"É tudo muito apertadinho. Se sobra peixe, junto um ovo e farinha e faço uma omelete". Assim se vive com a reforma mínima

5 mai, 07:00
Idosos

SEGURANÇA SOCIAL || Francisco e Maria vivem com as reformas mínimas, resultado dos poucos anos de descontos para a Segurança Social. José, recebe um pouco mais, mas, depois de pagar a casa e a prótese auditiva, sobra muito pouco para comer e tratar da saúde. Vale-lhe Sofia, uma médica que é "um anjo", que até já foi à farmácia comprar-lhe os medicamentos e levar-lhos a casa. Em Portugal, em 2023, 13% dos pensionistas tinham de continuar a trabalhar para conseguir um complemento à sua pensão

Ali para os lados de Alenquer, Francisco (nome fictício) conhece toda a gente e toda a gente o conhece. Por isso é que pede o anonimato. “Vê lá! Não te enganes, depois a escrever! Não é vergonha, olha! É porque ninguém precisa de saber da minha vida”.

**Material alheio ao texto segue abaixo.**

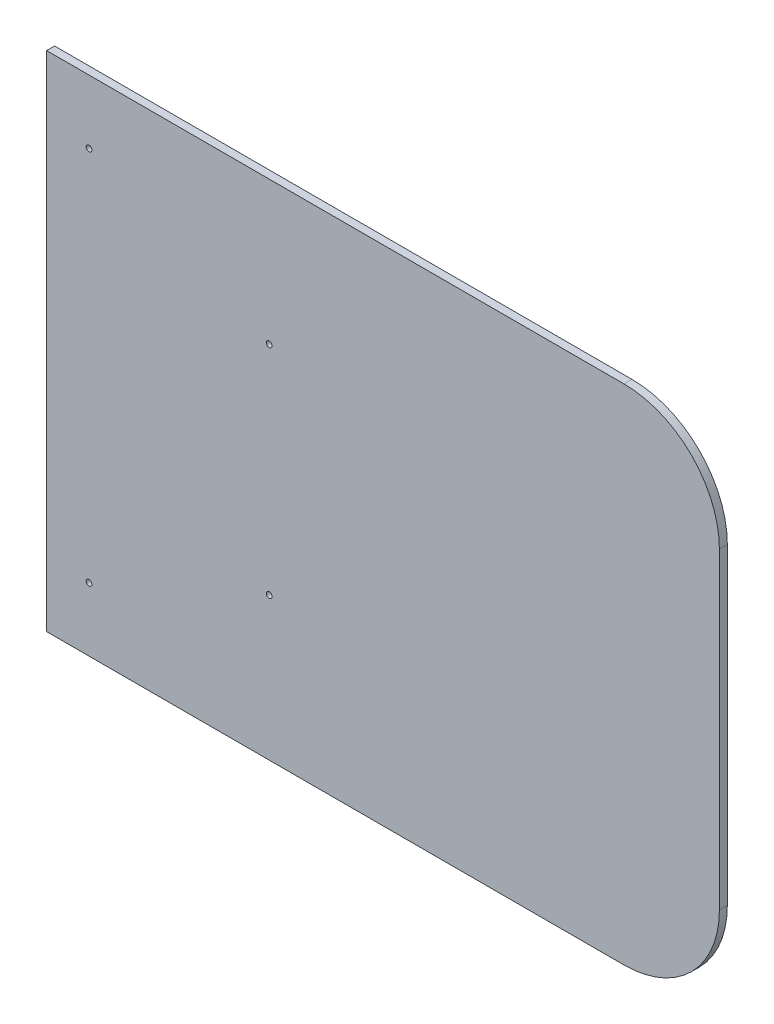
ISO-10303-21;
HEADER;
FILE_DESCRIPTION(('STEP AP214'),'2;1');
FILE_NAME('part.step','',(''),(''),'','','');
FILE_SCHEMA(('AUTOMOTIVE_DESIGN { 1 0 10303 214 1 1 1 1 }'));
ENDSEC;
DATA;
#1=APPLICATION_CONTEXT('core data for automotive mechanical design processes');
#2=APPLICATION_PROTOCOL_DEFINITION('international standard','automotive_design',2000,#1);
#3=PRODUCT_CONTEXT('',#1,'mechanical');
#4=PRODUCT('Part','Part','',(#3));
#5=PRODUCT_RELATED_PRODUCT_CATEGORY('part','',(#4));
#6=PRODUCT_DEFINITION_FORMATION('','',#4);
#7=PRODUCT_DEFINITION_CONTEXT('part definition',#1,'design');
#8=PRODUCT_DEFINITION('design','',#6,#7);
#9=PRODUCT_DEFINITION_SHAPE('','',#8);
#10=(LENGTH_UNIT() NAMED_UNIT(*) SI_UNIT(.MILLI.,.METRE.));
#11=(NAMED_UNIT(*) PLANE_ANGLE_UNIT() SI_UNIT($,.RADIAN.));
#12=(NAMED_UNIT(*) SI_UNIT($,.STERADIAN.) SOLID_ANGLE_UNIT());
#13=UNCERTAINTY_MEASURE_WITH_UNIT(LENGTH_MEASURE(1.E-05),#10,'distance_accuracy_value','');
#14=(GEOMETRIC_REPRESENTATION_CONTEXT(3) GLOBAL_UNCERTAINTY_ASSIGNED_CONTEXT((#13)) GLOBAL_UNIT_ASSIGNED_CONTEXT((#10,
#11,#12)) REPRESENTATION_CONTEXT('',''));
#15=CARTESIAN_POINT('',(0.,0.,0.));
#16=DIRECTION('',(0.,0.,1.));
#17=DIRECTION('',(1.,0.,0.));
#18=AXIS2_PLACEMENT_3D('',#15,#16,#17);
#19=CARTESIAN_POINT('',(403.225,-301.625,4.7625));
#20=DIRECTION('',(-1.,0.,0.));
#21=DIRECTION('',(0.,0.,1.));
#22=AXIS2_PLACEMENT_3D('',#19,#20,#21);
#23=PLANE('',#22);
#24=DIRECTION('',(0.,1.,0.));
#25=VECTOR('',#24,1.);
#26=CARTESIAN_POINT('',(403.225,-301.625,-4.7625));
#27=LINE('',#26,#25);
#28=CARTESIAN_POINT('',(403.225,-187.325,-4.7625));
#29=VERTEX_POINT('',#28);
#30=CARTESIAN_POINT('',(403.225,187.325,-4.7625));
#31=VERTEX_POINT('',#30);
#32=EDGE_CURVE('E113',#29,#31,#27,.T.);
#33=ORIENTED_EDGE('',*,*,#32,.T.);
#34=DIRECTION('',(0.,0.,-1.));
#35=VECTOR('',#34,1.);
#36=CARTESIAN_POINT('',(403.225,187.325,4.7625));
#37=LINE('',#36,#35);
#38=CARTESIAN_POINT('',(403.225,187.325,4.7625));
#39=VERTEX_POINT('',#38);
#40=EDGE_CURVE('E51',#31,#39,#37,.F.);
#41=ORIENTED_EDGE('',*,*,#40,.T.);
#42=DIRECTION('',(0.,1.,0.));
#43=VECTOR('',#42,1.);
#44=CARTESIAN_POINT('',(403.225,-301.625,4.7625));
#45=LINE('',#44,#43);
#46=CARTESIAN_POINT('',(403.225,-187.325,4.7625));
#47=VERTEX_POINT('',#46);
#48=EDGE_CURVE('E94',#47,#39,#45,.T.);
#49=ORIENTED_EDGE('',*,*,#48,.F.);
#50=DIRECTION('',(0.,0.,-1.));
#51=VECTOR('',#50,1.);
#52=CARTESIAN_POINT('',(403.225,-187.325,4.7625));
#53=LINE('',#52,#51);
#54=EDGE_CURVE('E127',#47,#29,#53,.T.);
#55=ORIENTED_EDGE('',*,*,#54,.T.);
#56=EDGE_LOOP('',(#33,#41,#49,#55));
#57=FACE_BOUND('',#56,.T.);
#58=ADVANCED_FACE('F30',(#57),#23,.F.);
#59=CARTESIAN_POINT('',(-403.225,301.625,4.7625));
#60=DIRECTION('',(0.,-1.,0.));
#61=DIRECTION('',(0.,0.,-1.));
#62=AXIS2_PLACEMENT_3D('',#59,#60,#61);
#63=PLANE('',#62);
#64=DIRECTION('',(-1.,0.,0.));
#65=VECTOR('',#64,1.);
#66=CARTESIAN_POINT('',(-403.225,301.625,4.7625));
#67=LINE('',#66,#65);
#68=CARTESIAN_POINT('',(288.925,301.625,4.7625));
#69=VERTEX_POINT('',#68);
#70=CARTESIAN_POINT('',(-403.225,301.625,4.7625));
#71=VERTEX_POINT('',#70);
#72=EDGE_CURVE('E84',#69,#71,#67,.T.);
#73=ORIENTED_EDGE('',*,*,#72,.F.);
#74=DIRECTION('',(0.,0.,-1.));
#75=VECTOR('',#74,1.);
#76=CARTESIAN_POINT('',(288.925,301.625,4.7625));
#77=LINE('',#76,#75);
#78=CARTESIAN_POINT('',(288.925,301.625,-4.7625));
#79=VERTEX_POINT('',#78);
#80=EDGE_CURVE('E103',#69,#79,#77,.T.);
#81=ORIENTED_EDGE('',*,*,#80,.T.);
#82=DIRECTION('',(-1.,0.,0.));
#83=VECTOR('',#82,1.);
#84=CARTESIAN_POINT('',(-403.225,301.625,-4.7625));
#85=LINE('',#84,#83);
#86=CARTESIAN_POINT('',(-403.225,301.625,-4.7625));
#87=VERTEX_POINT('',#86);
#88=EDGE_CURVE('E100',#79,#87,#85,.T.);
#89=ORIENTED_EDGE('',*,*,#88,.T.);
#90=DIRECTION('',(0.,0.,-1.));
#91=VECTOR('',#90,1.);
#92=CARTESIAN_POINT('',(-403.225,301.625,4.7625));
#93=LINE('',#92,#91);
#94=EDGE_CURVE('E97',#71,#87,#93,.T.);
#95=ORIENTED_EDGE('',*,*,#94,.F.);
#96=EDGE_LOOP('',(#73,#81,#89,#95));
#97=FACE_BOUND('',#96,.T.);
#98=ADVANCED_FACE('F98',(#97),#63,.F.);
#99=CARTESIAN_POINT('',(-403.225,-301.625,4.7625));
#100=DIRECTION('',(1.,0.,0.));
#101=DIRECTION('',(0.,0.,-1.));
#102=AXIS2_PLACEMENT_3D('',#99,#100,#101);
#103=PLANE('',#102);
#104=DIRECTION('',(0.,-1.,0.));
#105=VECTOR('',#104,1.);
#106=CARTESIAN_POINT('',(-403.225,-301.625,-4.7625));
#107=LINE('',#106,#105);
#108=CARTESIAN_POINT('',(-403.225,-301.625,-4.7625));
#109=VERTEX_POINT('',#108);
#110=EDGE_CURVE('E117',#87,#109,#107,.T.);
#111=ORIENTED_EDGE('',*,*,#110,.T.);
#112=DIRECTION('',(0.,0.,-1.));
#113=VECTOR('',#112,1.);
#114=CARTESIAN_POINT('',(-403.225,-301.625,4.7625));
#115=LINE('',#114,#113);
#116=CARTESIAN_POINT('',(-403.225,-301.625,4.7625));
#117=VERTEX_POINT('',#116);
#118=EDGE_CURVE('E104',#117,#109,#115,.T.);
#119=ORIENTED_EDGE('',*,*,#118,.F.);
#120=DIRECTION('',(0.,-1.,0.));
#121=VECTOR('',#120,1.);
#122=CARTESIAN_POINT('',(-403.225,-301.625,4.7625));
#123=LINE('',#122,#121);
#124=EDGE_CURVE('E88',#71,#117,#123,.T.);
#125=ORIENTED_EDGE('',*,*,#124,.F.);
#126=ORIENTED_EDGE('',*,*,#94,.T.);
#127=EDGE_LOOP('',(#111,#119,#125,#126));
#128=FACE_BOUND('',#127,.T.);
#129=ADVANCED_FACE('F106',(#128),#103,.F.);
#130=CARTESIAN_POINT('',(-403.225,-301.625,4.7625));
#131=DIRECTION('',(0.,1.,0.));
#132=DIRECTION('',(0.,0.,1.));
#133=AXIS2_PLACEMENT_3D('',#130,#131,#132);
#134=PLANE('',#133);
#135=DIRECTION('',(1.,0.,0.));
#136=VECTOR('',#135,1.);
#137=CARTESIAN_POINT('',(-403.225,-301.625,-4.7625));
#138=LINE('',#137,#136);
#139=CARTESIAN_POINT('',(288.925,-301.625,-4.7625));
#140=VERTEX_POINT('',#139);
#141=EDGE_CURVE('E119',#109,#140,#138,.T.);
#142=ORIENTED_EDGE('',*,*,#141,.T.);
#143=DIRECTION('',(0.,0.,-1.));
#144=VECTOR('',#143,1.);
#145=CARTESIAN_POINT('',(288.925,-301.625,4.7625));
#146=LINE('',#145,#144);
#147=CARTESIAN_POINT('',(288.925,-301.625,4.7625));
#148=VERTEX_POINT('',#147);
#149=EDGE_CURVE('E11',#140,#148,#146,.F.);
#150=ORIENTED_EDGE('',*,*,#149,.T.);
#151=DIRECTION('',(1.,0.,0.));
#152=VECTOR('',#151,1.);
#153=CARTESIAN_POINT('',(-403.225,-301.625,4.7625));
#154=LINE('',#153,#152);
#155=EDGE_CURVE('E108',#117,#148,#154,.T.);
#156=ORIENTED_EDGE('',*,*,#155,.F.);
#157=ORIENTED_EDGE('',*,*,#118,.T.);
#158=EDGE_LOOP('',(#142,#150,#156,#157));
#159=FACE_BOUND('',#158,.T.);
#160=ADVANCED_FACE('F139',(#159),#134,.F.);
#161=CARTESIAN_POINT('',(403.225,301.625,4.7625));
#162=DIRECTION('',(0.,0.,-1.));
#163=DIRECTION('',(-1.,0.,0.));
#164=AXIS2_PLACEMENT_3D('',#161,#162,#163);
#165=PLANE('',#164);
#166=CARTESIAN_POINT('',(-136.525,130.175,4.7625));
#167=DIRECTION('',(0.,0.,1.));
#168=DIRECTION('',(1.,0.,0.));
#169=AXIS2_PLACEMENT_3D('',#166,#167,#168);
#170=CIRCLE('',#169,3.429);
#171=CARTESIAN_POINT('',(-133.096,130.175,4.7625));
#172=VERTEX_POINT('',#171);
#173=EDGE_CURVE('E212',#172,#172,#170,.T.);
#174=ORIENTED_EDGE('',*,*,#173,.F.);
#175=EDGE_LOOP('',(#174));
#176=FACE_BOUND('',#175,.T.);
#177=CARTESIAN_POINT('',(-136.525,-130.175,4.7625));
#178=DIRECTION('',(0.,0.,1.));
#179=DIRECTION('',(1.,0.,0.));
#180=AXIS2_PLACEMENT_3D('',#177,#178,#179);
#181=CIRCLE('',#180,3.429);
#182=CARTESIAN_POINT('',(-133.096,-130.175,4.7625));
#183=VERTEX_POINT('',#182);
#184=EDGE_CURVE('E208',#183,#183,#181,.T.);
#185=ORIENTED_EDGE('',*,*,#184,.F.);
#186=EDGE_LOOP('',(#185));
#187=FACE_BOUND('',#186,.T.);
#188=CARTESIAN_POINT('',(-352.425,-225.425,4.7625));
#189=DIRECTION('',(0.,0.,1.));
#190=DIRECTION('',(1.,0.,0.));
#191=AXIS2_PLACEMENT_3D('',#188,#189,#190);
#192=CIRCLE('',#191,3.429);
#193=CARTESIAN_POINT('',(-348.996,-225.425,4.7625));
#194=VERTEX_POINT('',#193);
#195=EDGE_CURVE('E204',#194,#194,#192,.T.);
#196=ORIENTED_EDGE('',*,*,#195,.F.);
#197=EDGE_LOOP('',(#196));
#198=FACE_BOUND('',#197,.T.);
#199=CARTESIAN_POINT('',(-352.425,225.425,4.7625));
#200=DIRECTION('',(0.,0.,1.));
#201=DIRECTION('',(1.,0.,0.));
#202=AXIS2_PLACEMENT_3D('',#199,#200,#201);
#203=CIRCLE('',#202,3.429);
#204=CARTESIAN_POINT('',(-348.996,225.425,4.7625));
#205=VERTEX_POINT('',#204);
#206=EDGE_CURVE('E199',#205,#205,#203,.T.);
#207=ORIENTED_EDGE('',*,*,#206,.F.);
#208=EDGE_LOOP('',(#207));
#209=FACE_BOUND('',#208,.T.);
#210=ORIENTED_EDGE('',*,*,#48,.T.);
#211=CARTESIAN_POINT('',(288.925,187.325,4.7625));
#212=DIRECTION('',(0.,0.,-1.));
#213=DIRECTION('',(-1.,0.,0.));
#214=AXIS2_PLACEMENT_3D('',#211,#212,#213);
#215=CIRCLE('',#214,114.3);
#216=EDGE_CURVE('E38',#39,#69,#215,.F.);
#217=ORIENTED_EDGE('',*,*,#216,.T.);
#218=ORIENTED_EDGE('',*,*,#72,.T.);
#219=ORIENTED_EDGE('',*,*,#124,.T.);
#220=ORIENTED_EDGE('',*,*,#155,.T.);
#221=CARTESIAN_POINT('',(288.925,-187.325,4.7625));
#222=DIRECTION('',(0.,0.,-1.));
#223=DIRECTION('',(-1.,0.,0.));
#224=AXIS2_PLACEMENT_3D('',#221,#222,#223);
#225=CIRCLE('',#224,114.3);
#226=EDGE_CURVE('E131',#148,#47,#225,.F.);
#227=ORIENTED_EDGE('',*,*,#226,.T.);
#228=EDGE_LOOP('',(#210,#217,#218,#219,#220,#227));
#229=FACE_BOUND('',#228,.T.);
#230=ADVANCED_FACE('F86',(#176,#187,#198,#209,#229),#165,.F.);
#231=CARTESIAN_POINT('',(403.225,301.625,-4.7625));
#232=DIRECTION('',(0.,0.,-1.));
#233=DIRECTION('',(-1.,0.,0.));
#234=AXIS2_PLACEMENT_3D('',#231,#232,#233);
#235=PLANE('',#234);
#236=CARTESIAN_POINT('',(-136.525,130.175,-4.7625));
#237=DIRECTION('',(0.,0.,1.));
#238=DIRECTION('',(1.,0.,0.));
#239=AXIS2_PLACEMENT_3D('',#236,#237,#238);
#240=CIRCLE('',#239,3.429);
#241=CARTESIAN_POINT('',(-133.096,130.175,-4.7625));
#242=VERTEX_POINT('',#241);
#243=EDGE_CURVE('E188',#242,#242,#240,.T.);
#244=ORIENTED_EDGE('',*,*,#243,.T.);
#245=EDGE_LOOP('',(#244));
#246=FACE_BOUND('',#245,.T.);
#247=CARTESIAN_POINT('',(-136.525,-130.175,-4.7625));
#248=DIRECTION('',(0.,0.,1.));
#249=DIRECTION('',(1.,0.,0.));
#250=AXIS2_PLACEMENT_3D('',#247,#248,#249);
#251=CIRCLE('',#250,3.429);
#252=CARTESIAN_POINT('',(-133.096,-130.175,-4.7625));
#253=VERTEX_POINT('',#252);
#254=EDGE_CURVE('E192',#253,#253,#251,.T.);
#255=ORIENTED_EDGE('',*,*,#254,.T.);
#256=EDGE_LOOP('',(#255));
#257=FACE_BOUND('',#256,.T.);
#258=CARTESIAN_POINT('',(-352.425,-225.425,-4.7625));
#259=DIRECTION('',(0.,0.,1.));
#260=DIRECTION('',(1.,0.,0.));
#261=AXIS2_PLACEMENT_3D('',#258,#259,#260);
#262=CIRCLE('',#261,3.429);
#263=CARTESIAN_POINT('',(-348.996,-225.425,-4.7625));
#264=VERTEX_POINT('',#263);
#265=EDGE_CURVE('E196',#264,#264,#262,.T.);
#266=ORIENTED_EDGE('',*,*,#265,.T.);
#267=EDGE_LOOP('',(#266));
#268=FACE_BOUND('',#267,.T.);
#269=CARTESIAN_POINT('',(-352.425,225.425,-4.7625));
#270=DIRECTION('',(0.,0.,1.));
#271=DIRECTION('',(1.,0.,0.));
#272=AXIS2_PLACEMENT_3D('',#269,#270,#271);
#273=CIRCLE('',#272,3.429);
#274=CARTESIAN_POINT('',(-348.996,225.425,-4.7625));
#275=VERTEX_POINT('',#274);
#276=EDGE_CURVE('E115',#275,#275,#273,.T.);
#277=ORIENTED_EDGE('',*,*,#276,.T.);
#278=EDGE_LOOP('',(#277));
#279=FACE_BOUND('',#278,.T.);
#280=ORIENTED_EDGE('',*,*,#88,.F.);
#281=CARTESIAN_POINT('',(288.925,187.325,-4.7625));
#282=DIRECTION('',(0.,0.,-1.));
#283=DIRECTION('',(-1.,0.,0.));
#284=AXIS2_PLACEMENT_3D('',#281,#282,#283);
#285=CIRCLE('',#284,114.3);
#286=EDGE_CURVE('E125',#79,#31,#285,.T.);
#287=ORIENTED_EDGE('',*,*,#286,.T.);
#288=ORIENTED_EDGE('',*,*,#32,.F.);
#289=CARTESIAN_POINT('',(288.925,-187.325,-4.7625));
#290=DIRECTION('',(0.,0.,-1.));
#291=DIRECTION('',(-1.,0.,0.));
#292=AXIS2_PLACEMENT_3D('',#289,#290,#291);
#293=CIRCLE('',#292,114.3);
#294=EDGE_CURVE('E123',#29,#140,#293,.T.);
#295=ORIENTED_EDGE('',*,*,#294,.T.);
#296=ORIENTED_EDGE('',*,*,#141,.F.);
#297=ORIENTED_EDGE('',*,*,#110,.F.);
#298=EDGE_LOOP('',(#280,#287,#288,#295,#296,#297));
#299=FACE_BOUND('',#298,.T.);
#300=ADVANCED_FACE('F138',(#246,#257,#268,#279,#299),#235,.T.);
#301=CARTESIAN_POINT('',(-352.425,225.425,-4.7625));
#302=DIRECTION('',(0.,0.,1.));
#303=DIRECTION('',(1.,0.,0.));
#304=AXIS2_PLACEMENT_3D('',#301,#302,#303);
#305=CYLINDRICAL_SURFACE('',#304,3.429);
#306=CARTESIAN_POINT('',(-348.996,225.425,-4.7625));
#307=CARTESIAN_POINT('',(-348.996,225.425,-4.66328125));
#308=CARTESIAN_POINT('',(-348.996,225.425,-4.5640625));
#309=CARTESIAN_POINT('',(-348.996,225.425,-4.365625));
#310=CARTESIAN_POINT('',(-348.996,225.425,-4.26640625));
#311=CARTESIAN_POINT('',(-348.996,225.425,-4.06796875));
#312=CARTESIAN_POINT('',(-348.996,225.425,-3.96875));
#313=CARTESIAN_POINT('',(-348.996,225.425,-3.7703125));
#314=CARTESIAN_POINT('',(-348.996,225.425,-3.67109375));
#315=CARTESIAN_POINT('',(-348.996,225.425,-3.47265625));
#316=CARTESIAN_POINT('',(-348.996,225.425,-3.3734375));
#317=CARTESIAN_POINT('',(-348.996,225.425,-3.175));
#318=CARTESIAN_POINT('',(-348.996,225.425,-3.07578125));
#319=CARTESIAN_POINT('',(-348.996,225.425,-2.87734375));
#320=CARTESIAN_POINT('',(-348.996,225.425,-2.778125));
#321=CARTESIAN_POINT('',(-348.996,225.425,-2.5796875));
#322=CARTESIAN_POINT('',(-348.996,225.425,-2.48046875));
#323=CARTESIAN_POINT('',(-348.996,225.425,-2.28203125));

É com a serra de Montejunto como cenário que faz as contas à vida: “Descontei uns 15 ou 16 anos para a Casa do Povo. A Maria descontou ainda menos. Trazemos para casa os dois uns 700 euros. E ela tem muitos problemas de saúde. Só um frasco de medicamentos dela custa 50 euros e só dá para um mês. Na farmácia, ficam 100 ou 120 euros por mês só para ela. Eu também sou diabético…”.

Francisco tem 69, mas ninguém lhe dava quase sete décadas. Entre anedotas, trocadilhos (alguns impossíveis de reproduzir) e conselhos de mezinhas para tudo e mais alguma coisa, admite que o que lhes vale é o que vai semeando na horta. “Nós aqui não compramos uma couve, uma cenoura, uma batata. Tenho umas cinco galinhas e uns dois coelhos, que vamos criando. Vamos ali ao Intermarché, só para comprar uma massa, um arroz, um azeite…”, conta.

Francisco está preocupado com a sementeira das batatas, que a chuva está a atrasar. (CNN/Manuela Micael)

Maria acrescenta: “Aqui é tudo muito apertadinho. Cá em casa nunca se estraga uma comida. Se sobra um bocadinho de peixe, no dia a seguir, misturo com um ovo um bocadinho de farinha e faço uma omelete”.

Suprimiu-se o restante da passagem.